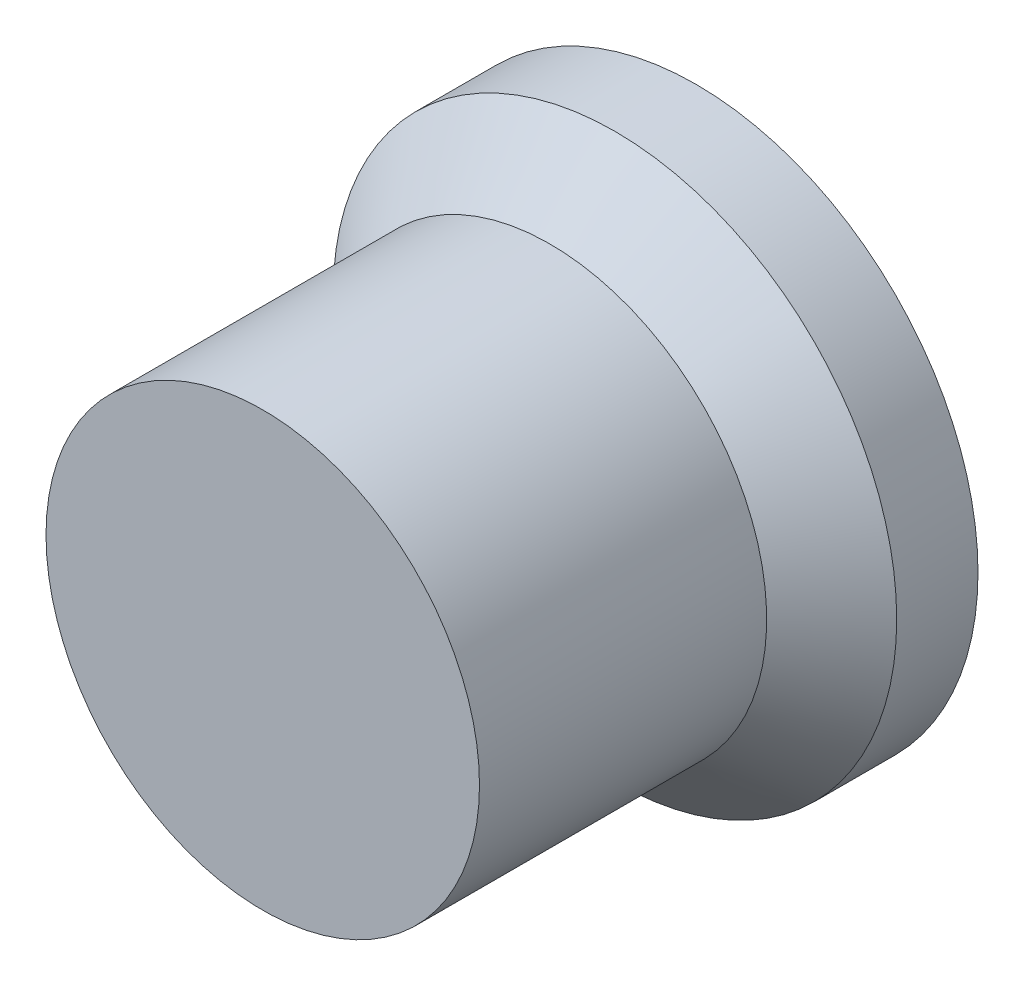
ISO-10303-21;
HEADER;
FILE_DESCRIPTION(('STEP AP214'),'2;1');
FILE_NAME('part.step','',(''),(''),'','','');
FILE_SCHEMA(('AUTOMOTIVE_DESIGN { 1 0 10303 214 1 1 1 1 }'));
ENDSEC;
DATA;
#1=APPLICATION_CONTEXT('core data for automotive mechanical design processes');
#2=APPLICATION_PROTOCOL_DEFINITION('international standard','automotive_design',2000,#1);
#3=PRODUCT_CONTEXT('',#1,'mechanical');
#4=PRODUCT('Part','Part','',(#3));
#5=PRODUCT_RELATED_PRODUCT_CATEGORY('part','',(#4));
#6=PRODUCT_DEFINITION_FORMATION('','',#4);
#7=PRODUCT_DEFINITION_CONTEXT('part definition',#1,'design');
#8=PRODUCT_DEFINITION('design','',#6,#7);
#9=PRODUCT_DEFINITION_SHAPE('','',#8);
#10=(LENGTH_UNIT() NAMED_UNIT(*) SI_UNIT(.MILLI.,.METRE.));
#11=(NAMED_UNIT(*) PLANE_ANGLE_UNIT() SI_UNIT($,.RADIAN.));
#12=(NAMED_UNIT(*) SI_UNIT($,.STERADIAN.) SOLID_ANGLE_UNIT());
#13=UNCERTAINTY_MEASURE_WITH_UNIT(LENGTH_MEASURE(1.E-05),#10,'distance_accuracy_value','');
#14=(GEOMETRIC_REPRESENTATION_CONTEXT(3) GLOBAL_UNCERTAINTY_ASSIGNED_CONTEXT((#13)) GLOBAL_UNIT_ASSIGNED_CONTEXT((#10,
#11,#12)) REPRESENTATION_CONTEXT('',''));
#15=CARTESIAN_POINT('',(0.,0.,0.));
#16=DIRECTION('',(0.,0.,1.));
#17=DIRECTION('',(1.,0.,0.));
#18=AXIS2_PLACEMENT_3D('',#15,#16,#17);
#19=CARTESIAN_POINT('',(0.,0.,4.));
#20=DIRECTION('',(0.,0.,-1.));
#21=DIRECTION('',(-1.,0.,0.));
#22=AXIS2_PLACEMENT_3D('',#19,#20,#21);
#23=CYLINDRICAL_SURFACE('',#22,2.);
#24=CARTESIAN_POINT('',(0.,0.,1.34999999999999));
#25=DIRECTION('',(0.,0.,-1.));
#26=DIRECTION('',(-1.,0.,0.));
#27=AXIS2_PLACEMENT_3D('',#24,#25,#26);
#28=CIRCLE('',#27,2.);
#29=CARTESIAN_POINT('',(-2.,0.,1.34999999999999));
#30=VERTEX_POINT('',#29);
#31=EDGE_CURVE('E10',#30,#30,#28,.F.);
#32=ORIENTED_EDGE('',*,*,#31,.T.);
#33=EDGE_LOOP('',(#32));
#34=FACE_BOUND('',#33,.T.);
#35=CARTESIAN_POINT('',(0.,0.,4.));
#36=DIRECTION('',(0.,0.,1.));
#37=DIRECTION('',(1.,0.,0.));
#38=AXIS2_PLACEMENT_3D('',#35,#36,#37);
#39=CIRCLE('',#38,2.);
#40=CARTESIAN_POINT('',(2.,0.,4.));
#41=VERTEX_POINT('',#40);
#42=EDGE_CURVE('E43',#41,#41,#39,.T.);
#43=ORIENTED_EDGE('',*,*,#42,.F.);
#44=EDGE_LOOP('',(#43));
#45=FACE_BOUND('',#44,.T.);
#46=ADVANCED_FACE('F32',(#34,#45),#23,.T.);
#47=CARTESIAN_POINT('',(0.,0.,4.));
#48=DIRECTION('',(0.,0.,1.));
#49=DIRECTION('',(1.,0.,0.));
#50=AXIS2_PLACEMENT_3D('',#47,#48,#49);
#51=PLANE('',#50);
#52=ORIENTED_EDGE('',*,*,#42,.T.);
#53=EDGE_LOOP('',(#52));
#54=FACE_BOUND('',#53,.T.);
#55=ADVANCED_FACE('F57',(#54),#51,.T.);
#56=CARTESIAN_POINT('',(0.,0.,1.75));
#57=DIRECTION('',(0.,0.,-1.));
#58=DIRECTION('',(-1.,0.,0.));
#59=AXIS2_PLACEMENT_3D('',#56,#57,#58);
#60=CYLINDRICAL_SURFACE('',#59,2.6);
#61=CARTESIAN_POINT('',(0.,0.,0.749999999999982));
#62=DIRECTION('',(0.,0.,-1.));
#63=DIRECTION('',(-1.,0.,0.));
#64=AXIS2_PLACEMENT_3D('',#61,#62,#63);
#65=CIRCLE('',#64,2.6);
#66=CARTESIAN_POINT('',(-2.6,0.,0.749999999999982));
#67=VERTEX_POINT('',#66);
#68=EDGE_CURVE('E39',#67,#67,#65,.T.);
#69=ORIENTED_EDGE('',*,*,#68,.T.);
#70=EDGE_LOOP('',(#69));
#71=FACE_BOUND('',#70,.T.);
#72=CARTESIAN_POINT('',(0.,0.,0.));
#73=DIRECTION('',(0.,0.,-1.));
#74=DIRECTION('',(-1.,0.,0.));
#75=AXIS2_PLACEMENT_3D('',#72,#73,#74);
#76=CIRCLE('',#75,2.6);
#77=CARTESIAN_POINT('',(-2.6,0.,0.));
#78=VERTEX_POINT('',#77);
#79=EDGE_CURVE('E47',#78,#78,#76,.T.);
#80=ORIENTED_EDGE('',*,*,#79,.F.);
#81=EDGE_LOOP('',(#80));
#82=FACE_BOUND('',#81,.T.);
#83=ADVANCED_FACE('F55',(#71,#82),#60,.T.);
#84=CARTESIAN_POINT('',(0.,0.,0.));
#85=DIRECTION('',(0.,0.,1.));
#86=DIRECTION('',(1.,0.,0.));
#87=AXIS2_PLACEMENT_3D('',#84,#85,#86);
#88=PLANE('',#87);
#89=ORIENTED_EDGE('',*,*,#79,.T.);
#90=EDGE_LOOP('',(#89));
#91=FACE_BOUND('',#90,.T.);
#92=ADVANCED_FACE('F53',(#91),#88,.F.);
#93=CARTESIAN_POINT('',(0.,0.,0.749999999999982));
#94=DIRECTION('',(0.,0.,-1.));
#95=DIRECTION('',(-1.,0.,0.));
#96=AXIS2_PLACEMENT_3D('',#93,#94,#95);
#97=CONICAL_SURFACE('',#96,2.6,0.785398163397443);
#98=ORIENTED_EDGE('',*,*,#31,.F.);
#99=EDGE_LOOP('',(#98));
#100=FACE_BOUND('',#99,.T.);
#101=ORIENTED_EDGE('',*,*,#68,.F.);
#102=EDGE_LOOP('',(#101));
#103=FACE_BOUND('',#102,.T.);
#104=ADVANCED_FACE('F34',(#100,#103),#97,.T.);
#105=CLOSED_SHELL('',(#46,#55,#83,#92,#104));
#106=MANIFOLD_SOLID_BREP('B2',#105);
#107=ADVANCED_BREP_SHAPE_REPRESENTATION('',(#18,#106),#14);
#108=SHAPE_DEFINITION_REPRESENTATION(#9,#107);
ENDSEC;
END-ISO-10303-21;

(About this task):
Copy the listing above exactly, minus the pictures.

(Answer to the problem):
ISO-10303-21;
HEADER;
FILE_DESCRIPTION(('STEP AP214'),'2;1');
FILE_NAME('part.step','',(''),(''),'','','');
FILE_SCHEMA(('AUTOMOTIVE_DESIGN { 1 0 10303 214 1 1 1 1 }'));
ENDSEC;
DATA;
#1=APPLICATION_CONTEXT('core data for automotive mechanical design processes');
#2=APPLICATION_PROTOCOL_DEFINITION('international standard','automotive_design',2000,#1);
#3=PRODUCT_CONTEXT('',#1,'mechanical');
#4=PRODUCT('Part','Part','',(#3));
#5=PRODUCT_RELATED_PRODUCT_CATEGORY('part','',(#4));
#6=PRODUCT_DEFINITION_FORMATION('','',#4);
#7=PRODUCT_DEFINITION_CONTEXT('part definition',#1,'design');
#8=PRODUCT_DEFINITION('design','',#6,#7);
#9=PRODUCT_DEFINITION_SHAPE('','',#8);
#10=(LENGTH_UNIT() NAMED_UNIT(*) SI_UNIT(.MILLI.,.METRE.));
#11=(NAMED_UNIT(*) PLANE_ANGLE_UNIT() SI_UNIT($,.RADIAN.));
#12=(NAMED_UNIT(*) SI_UNIT($,.STERADIAN.) SOLID_ANGLE_UNIT());
#13=UNCERTAINTY_MEASURE_WITH_UNIT(LENGTH_MEASURE(1.E-05),#10,'distance_accuracy_value','');
#14=(GEOMETRIC_REPRESENTATION_CONTEXT(3) GLOBAL_UNCERTAINTY_ASSIGNED_CONTEXT((#13)) GLOBAL_UNIT_ASSIGNED_CONTEXT((#10,
#11,#12)) REPRESENTATION_CONTEXT('',''));
#15=CARTESIAN_POINT('',(0.,0.,0.));
#16=DIRECTION('',(0.,0.,1.));
#17=DIRECTION('',(1.,0.,0.));
#18=AXIS2_PLACEMENT_3D('',#15,#16,#17);
#19=CARTESIAN_POINT('',(0.,0.,4.));
#20=DIRECTION('',(0.,0.,-1.));
#21=DIRECTION('',(-1.,0.,0.));
#22=AXIS2_PLACEMENT_3D('',#19,#20,#21);
#23=CYLINDRICAL_SURFACE('',#22,2.);
#24=CARTESIAN_POINT('',(0.,0.,1.34999999999999));
#25=DIRECTION('',(0.,0.,-1.));
#26=DIRECTION('',(-1.,0.,0.));
#27=AXIS2_PLACEMENT_3D('',#24,#25,#26);
#28=CIRCLE('',#27,2.);
#29=CARTESIAN_POINT('',(-2.,0.,1.34999999999999));
#30=VERTEX_POINT('',#29);
#31=EDGE_CURVE('E10',#30,#30,#28,.F.);
#32=ORIENTED_EDGE('',*,*,#31,.T.);
#33=EDGE_LOOP('',(#32));
#34=FACE_BOUND('',#33,.T.);
#35=CARTESIAN_POINT('',(0.,0.,4.));
#36=DIRECTION('',(0.,0.,1.));
#37=DIRECTION('',(1.,0.,0.));
#38=AXIS2_PLACEMENT_3D('',#35,#36,#37);
#39=CIRCLE('',#38,2.);
#40=CARTESIAN_POINT('',(2.,0.,4.));
#41=VERTEX_POINT('',#40);
#42=EDGE_CURVE('E43',#41,#41,#39,.T.);
#43=ORIENTED_EDGE('',*,*,#42,.F.);
#44=EDGE_LOOP('',(#43));
#45=FACE_BOUND('',#44,.T.);
#46=ADVANCED_FACE('F32',(#34,#45),#23,.T.);
#47=CARTESIAN_POINT('',(0.,0.,4.));
#48=DIRECTION('',(0.,0.,1.));
#49=DIRECTION('',(1.,0.,0.));
#50=AXIS2_PLACEMENT_3D('',#47,#48,#49);
#51=PLANE('',#50);
#52=ORIENTED_EDGE('',*,*,#42,.T.);
#53=EDGE_LOOP('',(#52));
#54=FACE_BOUND('',#53,.T.);
#55=ADVANCED_FACE('F57',(#54),#51,.T.);
#56=CARTESIAN_POINT('',(0.,0.,1.75));
#57=DIRECTION('',(0.,0.,-1.));
#58=DIRECTION('',(-1.,0.,0.));
#59=AXIS2_PLACEMENT_3D('',#56,#57,#58);
#60=CYLINDRICAL_SURFACE('',#59,2.6);
#61=CARTESIAN_POINT('',(0.,0.,0.749999999999982));
#62=DIRECTION('',(0.,0.,-1.));
#63=DIRECTION('',(-1.,0.,0.));
#64=AXIS2_PLACEMENT_3D('',#61,#62,#63);
#65=CIRCLE('',#64,2.6);
#66=CARTESIAN_POINT('',(-2.6,0.,0.749999999999982));
#67=VERTEX_POINT('',#66);
#68=EDGE_CURVE('E39',#67,#67,#65,.T.);
#69=ORIENTED_EDGE('',*,*,#68,.T.);
#70=EDGE_LOOP('',(#69));
#71=FACE_BOUND('',#70,.T.);
#72=CARTESIAN_POINT('',(0.,0.,0.));
#73=DIRECTION('',(0.,0.,-1.));
#74=DIRECTION('',(-1.,0.,0.));
#75=AXIS2_PLACEMENT_3D('',#72,#73,#74);
#76=CIRCLE('',#75,2.6);
#77=CARTESIAN_POINT('',(-2.6,0.,0.));
#78=VERTEX_POINT('',#77);
#79=EDGE_CURVE('E47',#78,#78,#76,.T.);
#80=ORIENTED_EDGE('',*,*,#79,.F.);
#81=EDGE_LOOP('',(#80));
#82=FACE_BOUND('',#81,.T.);
#83=ADVANCED_FACE('F55',(#71,#82),#60,.T.);
#84=CARTESIAN_POINT('',(0.,0.,0.));
#85=DIRECTION('',(0.,0.,1.));
#86=DIRECTION('',(1.,0.,0.));
#87=AXIS2_PLACEMENT_3D('',#84,#85,#86);
#88=PLANE('',#87);
#89=ORIENTED_EDGE('',*,*,#79,.T.);
#90=EDGE_LOOP('',(#89));
#91=FACE_BOUND('',#90,.T.);
#92=ADVANCED_FACE('F53',(#91),#88,.F.);
#93=CARTESIAN_POINT('',(0.,0.,0.749999999999982));
#94=DIRECTION('',(0.,0.,-1.));
#95=DIRECTION('',(-1.,0.,0.));
#96=AXIS2_PLACEMENT_3D('',#93,#94,#95);
#97=CONICAL_SURFACE('',#96,2.6,0.785398163397443);
#98=ORIENTED_EDGE('',*,*,#31,.F.);
#99=EDGE_LOOP('',(#98));
#100=FACE_BOUND('',#99,.T.);
#101=ORIENTED_EDGE('',*,*,#68,.F.);
#102=EDGE_LOOP('',(#101));
#103=FACE_BOUND('',#102,.T.);
#104=ADVANCED_FACE('F34',(#100,#103),#97,.T.);
#105=CLOSED_SHELL('',(#46,#55,#83,#92,#104));
#106=MANIFOLD_SOLID_BREP('B2',#105);
#107=ADVANCED_BREP_SHAPE_REPRESENTATION('',(#18,#106),#14);
#108=SHAPE_DEFINITION_REPRESENTATION(#9,#107);
ENDSEC;
END-ISO-10303-21;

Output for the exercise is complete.